Collectively, the above findings indicate that IRE is unlikely to destroy the gallbladder wall and offers the advantage of faster repair of the damaged tissue. Thus, in this study, IRE was found to be superior to cryoablation in terms of protecting the gallbladder, and was a safer procedure than cryoablation.

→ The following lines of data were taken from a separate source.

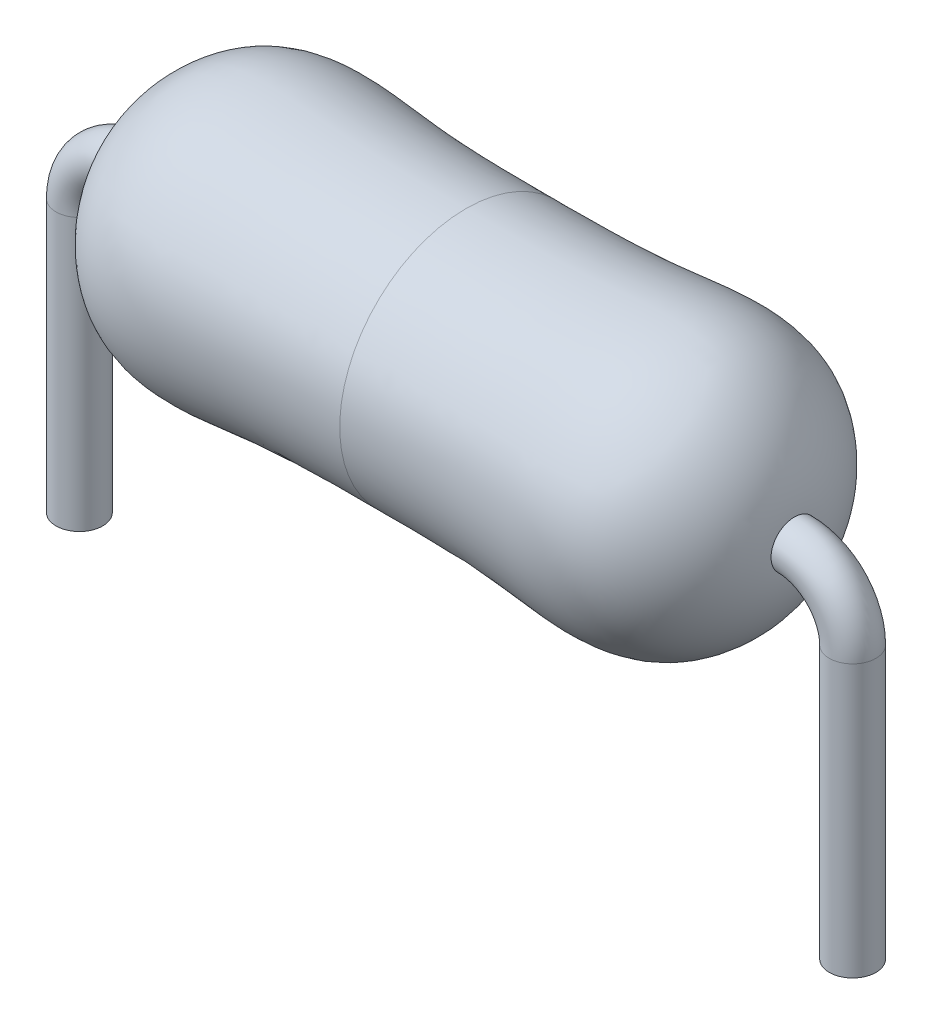
ISO-10303-21;
HEADER;
FILE_DESCRIPTION(('STEP AP214'),'2;1');
FILE_NAME('part.step','',(''),(''),'','','');
FILE_SCHEMA(('AUTOMOTIVE_DESIGN { 1 0 10303 214 1 1 1 1 }'));
ENDSEC;
DATA;
#1=APPLICATION_CONTEXT('core data for automotive mechanical design processes');
#2=APPLICATION_PROTOCOL_DEFINITION('international standard','automotive_design',2000,#1);
#3=PRODUCT_CONTEXT('',#1,'mechanical');
#4=PRODUCT('Part','Part','',(#3));
#5=PRODUCT_RELATED_PRODUCT_CATEGORY('part','',(#4));
#6=PRODUCT_DEFINITION_FORMATION('','',#4);
#7=PRODUCT_DEFINITION_CONTEXT('part definition',#1,'design');
#8=PRODUCT_DEFINITION('design','',#6,#7);
#9=PRODUCT_DEFINITION_SHAPE('','',#8);
#10=(LENGTH_UNIT() NAMED_UNIT(*) SI_UNIT(.MILLI.,.METRE.));
#11=(NAMED_UNIT(*) PLANE_ANGLE_UNIT() SI_UNIT($,.RADIAN.));
#12=(NAMED_UNIT(*) SI_UNIT($,.STERADIAN.) SOLID_ANGLE_UNIT());
#13=UNCERTAINTY_MEASURE_WITH_UNIT(LENGTH_MEASURE(1.E-05),#10,'distance_accuracy_value','');
#14=(GEOMETRIC_REPRESENTATION_CONTEXT(3) GLOBAL_UNCERTAINTY_ASSIGNED_CONTEXT((#13)) GLOBAL_UNIT_ASSIGNED_CONTEXT((#10,
#11,#12)) REPRESENTATION_CONTEXT('',''));
#15=CARTESIAN_POINT('',(0.,0.,0.));
#16=DIRECTION('',(0.,0.,1.));
#17=DIRECTION('',(1.,0.,0.));
#18=AXIS2_PLACEMENT_3D('',#15,#16,#17);
#19=CARTESIAN_POINT('',(0.762,1.016,0.));
#20=DIRECTION('',(0.,0.,-1.));
#21=DIRECTION('',(-1.,0.,0.));
#22=AXIS2_PLACEMENT_3D('',#19,#20,#21);
#23=TOROIDAL_SURFACE('',#22,0.762,0.3048);
#24=CARTESIAN_POINT('',(0.,1.016,0.));
#25=DIRECTION('',(0.,1.,0.));
#26=DIRECTION('',(0.,0.,1.));
#27=AXIS2_PLACEMENT_3D('',#24,#25,#26);
#28=CIRCLE('',#27,0.3048);
#29=CARTESIAN_POINT('',(-0.3048,1.016,0.));
#30=VERTEX_POINT('',#29);
#31=EDGE_CURVE('E39',#30,#30,#28,.T.);
#32=CARTESIAN_POINT('',(0.762,1.778,0.));
#33=DIRECTION('',(1.,0.,0.));
#34=DIRECTION('',(0.,0.,1.));
#35=AXIS2_PLACEMENT_3D('',#32,#33,#34);
#36=CIRCLE('',#35,0.3048);
#37=CARTESIAN_POINT('',(0.762,2.0828,0.));
#38=VERTEX_POINT('',#37);
#39=EDGE_CURVE('E10',#38,#38,#36,.T.);
#40=CARTESIAN_POINT('',(0.762,1.016,0.));
#41=DIRECTION('',(0.,0.,-1.));
#42=DIRECTION('',(-1.,0.,0.));
#43=AXIS2_PLACEMENT_3D('',#40,#41,#42);
#44=CIRCLE('',#43,1.0668);
#45=EDGE_CURVE('',#30,#38,#44,.T.);
#46=ORIENTED_EDGE('',*,*,#31,.T.);
#47=ORIENTED_EDGE('',*,*,#39,.F.);
#48=ORIENTED_EDGE('',*,*,#45,.T.);
#49=ORIENTED_EDGE('',*,*,#45,.F.);
#50=EDGE_LOOP('',(#46,#48,#47,#49));
#51=FACE_BOUND('',#50,.T.);
#52=ADVANCED_FACE('F33',(#51),#23,.T.);
#53=CARTESIAN_POINT('',(0.,1.016,0.));
#54=DIRECTION('',(0.,-1.,0.));
#55=DIRECTION('',(0.,0.,-1.));
#56=AXIS2_PLACEMENT_3D('',#53,#54,#55);
#57=CYLINDRICAL_SURFACE('',#56,0.3048);
#58=ORIENTED_EDGE('',*,*,#31,.F.);
#59=EDGE_LOOP('',(#58));
#60=FACE_BOUND('',#59,.T.);
#61=CARTESIAN_POINT('',(0.,-2.54,0.));
#62=DIRECTION('',(0.,1.,0.));
#63=DIRECTION('',(0.,0.,1.));
#64=AXIS2_PLACEMENT_3D('',#61,#62,#63);
#65=CIRCLE('',#64,0.3048);
#66=CARTESIAN_POINT('',(0.,-2.54,0.3048));
#67=VERTEX_POINT('',#66);
#68=EDGE_CURVE('E43',#67,#67,#65,.T.);
#69=ORIENTED_EDGE('',*,*,#68,.T.);
#70=EDGE_LOOP('',(#69));
#71=FACE_BOUND('',#70,.T.);
#72=ADVANCED_FACE('F67',(#60,#71),#57,.T.);
#73=CARTESIAN_POINT('',(0.,-2.54,0.));
#74=DIRECTION('',(0.,1.,0.));
#75=DIRECTION('',(0.,0.,1.));
#76=AXIS2_PLACEMENT_3D('',#73,#74,#75);
#77=PLANE('',#76);
#78=ORIENTED_EDGE('',*,*,#68,.F.);
#79=EDGE_LOOP('',(#78));
#80=FACE_BOUND('',#79,.T.);
#81=ADVANCED_FACE('F64',(#80),#77,.F.);
#82=CARTESIAN_POINT('',(0.762,1.778,0.));
#83=CARTESIAN_POINT('',(0.757798481162608,1.8794424331425,0.));
#84=CARTESIAN_POINT('',(0.731939999461414,2.50377553806516,0.));
#85=CARTESIAN_POINT('',(1.58171785802034,3.71232146915156,0.));
#86=CARTESIAN_POINT('',(3.36088257649651,3.42818239547803,0.));
#87=CARTESIAN_POINT('',(4.47917399306202,3.42872222585728,0.));
#88=CARTESIAN_POINT('',(5.0546,3.429,0.));
#89=B_SPLINE_CURVE_WITH_KNOTS('',3,(#82,#83,#84,#85,#86,#87,#88),.UNSPECIFIED.,.F.,.F.,(4,1,1,1,
4),(0.,0.0576904747940552,0.355059240367772,0.668140450217807,1.),.UNSPECIFIED.);
#90=CARTESIAN_POINT('',(0.762,1.778,0.));
#91=DIRECTION('',(-1.,0.,0.));
#92=AXIS1_PLACEMENT('',#90,#91);
#93=SURFACE_OF_REVOLUTION('',#89,#92);
#94=ORIENTED_EDGE('',*,*,#39,.T.);
#95=EDGE_LOOP('',(#94));
#96=FACE_BOUND('',#95,.T.);
#97=CARTESIAN_POINT('',(5.0546,1.778,0.));
#98=DIRECTION('',(-1.,0.,0.));
#99=DIRECTION('',(0.,-1.,0.));
#100=AXIS2_PLACEMENT_3D('',#97,#98,#99);
#101=CIRCLE('',#100,1.651);
#102=CARTESIAN_POINT('',(5.0546,0.127,0.));
#103=VERTEX_POINT('',#102);
#104=EDGE_CURVE('E147',#103,#103,#101,.T.);
#105=ORIENTED_EDGE('',*,*,#104,.T.);
#106=EDGE_LOOP('',(#105));
#107=FACE_BOUND('',#106,.T.);
#108=ADVANCED_FACE('F59',(#96,#107),#93,.F.);
#109=CARTESIAN_POINT('',(9.3472,1.016,0.));
#110=DIRECTION('',(0.,0.,-1.));
#111=DIRECTION('',(1.,0.,0.));
#112=AXIS2_PLACEMENT_3D('',#109,#110,#111);
#113=TOROIDAL_SURFACE('',#112,0.762,0.3048);
#114=CARTESIAN_POINT('',(9.3472,1.778,0.));
#115=DIRECTION('',(1.,0.,0.));
#116=DIRECTION('',(0.,0.,1.));
#117=AXIS2_PLACEMENT_3D('',#114,#115,#116);
#118=CIRCLE('',#117,0.3048);
#119=CARTESIAN_POINT('',(9.3472,2.0828,0.));
#120=VERTEX_POINT('',#119);
#121=EDGE_CURVE('E48',#120,#120,#118,.T.);
#122=CARTESIAN_POINT('',(10.1092,1.016,0.));
#123=DIRECTION('',(0.,-1.,0.));
#124=DIRECTION('',(0.,0.,1.));
#125=AXIS2_PLACEMENT_3D('',#122,#123,#124);
#126=CIRCLE('',#125,0.3048);
#127=CARTESIAN_POINT('',(10.414,1.016,0.));
#128=VERTEX_POINT('',#127);
#129=EDGE_CURVE('E154',#128,#128,#126,.T.);
#130=CARTESIAN_POINT('',(9.3472,1.016,0.));
#131=DIRECTION('',(0.,0.,-1.));
#132=DIRECTION('',(1.,0.,0.));
#133=AXIS2_PLACEMENT_3D('',#130,#131,#132);
#134=CIRCLE('',#133,1.0668);
#135=EDGE_CURVE('',#120,#128,#134,.T.);
#136=ORIENTED_EDGE('',*,*,#121,.T.);
#137=ORIENTED_EDGE('',*,*,#129,.F.);
#138=ORIENTED_EDGE('',*,*,#135,.T.);
#139=ORIENTED_EDGE('',*,*,#135,.F.);
#140=EDGE_LOOP('',(#136,#138,#137,#139));
#141=FACE_BOUND('',#140,.T.);
#142=ADVANCED_FACE('F63',(#141),#113,.T.);
#143=CARTESIAN_POINT('',(10.1092,1.016,0.));
#144=DIRECTION('',(0.,-1.,0.));
#145=DIRECTION('',(0.,0.,-1.));
#146=AXIS2_PLACEMENT_3D('',#143,#144,#145);
#147=CYLINDRICAL_SURFACE('',#146,0.3048);
#148=ORIENTED_EDGE('',*,*,#129,.T.);
#149=EDGE_LOOP('',(#148));
#150=FACE_BOUND('',#149,.T.);
#151=CARTESIAN_POINT('',(10.1092,-2.54,0.));
#152=DIRECTION('',(0.,-1.,0.));
#153=DIRECTION('',(0.,0.,1.));
#154=AXIS2_PLACEMENT_3D('',#151,#152,#153);
#155=CIRCLE('',#154,0.3048);
#156=CARTESIAN_POINT('',(10.1092,-2.54,0.3048));
#157=VERTEX_POINT('',#156);
#158=EDGE_CURVE('E153',#157,#157,#155,.T.);
#159=ORIENTED_EDGE('',*,*,#158,.F.);
#160=EDGE_LOOP('',(#159));
#161=FACE_BOUND('',#160,.T.);
#162=ADVANCED_FACE('F93',(#150,#161),#147,.T.);
#163=CARTESIAN_POINT('',(10.1092,-2.54,0.));
#164=DIRECTION('',(0.,1.,0.));
#165=DIRECTION('',(0.,0.,1.));
#166=AXIS2_PLACEMENT_3D('',#163,#164,#165);
#167=PLANE('',#166);
#168=ORIENTED_EDGE('',*,*,#158,.T.);
#169=EDGE_LOOP('',(#168));
#170=FACE_BOUND('',#169,.T.);
#171=ADVANCED_FACE('F101',(#170),#167,.F.);
#172=CARTESIAN_POINT('',(9.3472,1.778,0.));
#173=CARTESIAN_POINT('',(9.35140151883739,1.8794424331425,0.));
#174=CARTESIAN_POINT('',(9.37726000053859,2.50377553806516,0.));
#175=CARTESIAN_POINT('',(8.52748214197966,3.71232146915156,0.));
#176=CARTESIAN_POINT('',(6.74831742350349,3.42818239547803,0.));
#177=CARTESIAN_POINT('',(5.63002600693798,3.42872222585728,0.));
#178=CARTESIAN_POINT('',(5.0546,3.429,0.));
#179=B_SPLINE_CURVE_WITH_KNOTS('',3,(#172,#173,#174,#175,#176,#177,#178),.UNSPECIFIED.,.F.,.F.,
(4,1,1,1,4),(0.,0.0576904747940552,0.355059240367772,0.668140450217807,1.),.UNSPECIFIED.);
#180=CARTESIAN_POINT('',(9.3472,1.778,0.));
#181=DIRECTION('',(1.,0.,0.));
#182=AXIS1_PLACEMENT('',#180,#181);
#183=SURFACE_OF_REVOLUTION('',#179,#182);
#184=ORIENTED_EDGE('',*,*,#121,.F.);
#185=EDGE_LOOP('',(#184));
#186=FACE_BOUND('',#185,.T.);
#187=ORIENTED_EDGE('',*,*,#104,.F.);
#188=EDGE_LOOP('',(#187));
#189=FACE_BOUND('',#188,.T.);
#190=ADVANCED_FACE('F109',(#186,#189),#183,.F.);
#191=CLOSED_SHELL('',(#52,#72,#81,#108,#142,#162,#171,#190));
#192=MANIFOLD_SOLID_BREP('B2',#191);
#193=ADVANCED_BREP_SHAPE_REPRESENTATION('',(#18,#192),#14);
#194=SHAPE_DEFINITION_REPRESENTATION(#9,#193);
ENDSEC;
END-ISO-10303-21;

Complete necrosis of tumor cells with no residual tumor is the main goal of ablation. During cryoablation, ice ball formation can be precisely monitored using ultrasonography or computed tomography. It is impossible to induce tumor cell necrosis in the periphery of the ice ball because the peripheral temperature of the ice ball is 0°C17, and the temperature that is lethal to cells is at least –20°C.18,19 To ensure efficacious cryoablation, the edge of the ice ball is usually kept 1 cm beyond the edge of tumor, and the double freeze-thaw cycle protocol is used. In our study, the efficacy of cryoablation of the liver area near the gallbladder reached the expected levels, as determined based on the appearance (gray-red lesion spread to the gallbladder) as well as histopathological examination (no live cells between the cryoprobe and gallbladder) of the cryozones. IRE ablation has been reported to achieve nearly 100% necrosis in the ablation zone at 24 h in a swine liver model.8,20 The effectiveness of IRE ablation over a longer time is one of the focuses of this study. Seven days after IRE ablation, not only were the target cells destroyed completely, but the area of bile duct hyperplasia was far greater than the area of pink, disintegrating tissue. All in all, although there was a great difference between the abilities of the two therapies to destroy the liver cells, the long-term effects of both treatments were good.
The major limitation of this article is the lack of short- and long-term studies. Analysis of the pathological appearance of the gallbladder at different time points after ablation would help provide a stronger basis for the clinical application of the two ablation methods. Future experiments should use cholangiography to observe changes in the gallbladder and determine the integrity of the main bile duct.
In conclusion, we compared the safety and efficacy of cryoablation and IRE in rabbit livers, at a location close to the gallbladder. IRE provided complete ablation of the target tissue and completely retained the entire gallbladder structure. In the case of liver tumors situated close to the gallbladder, cryoablation must be performed carefully to avoid direct trauma to the gallbladder. The comparison in this article has a certain meaning in terms of the selection of instruments for liver tumor ablation. However, the clinical value of our findings and long-term curative effect of IRE remain to be confirmed.
This study was funded by the Medical and Health Fund of Guangdong Province (2013kw051), China. The funders had no role in study design, data collection and analysis, decision to publish, or preparation of the manuscript.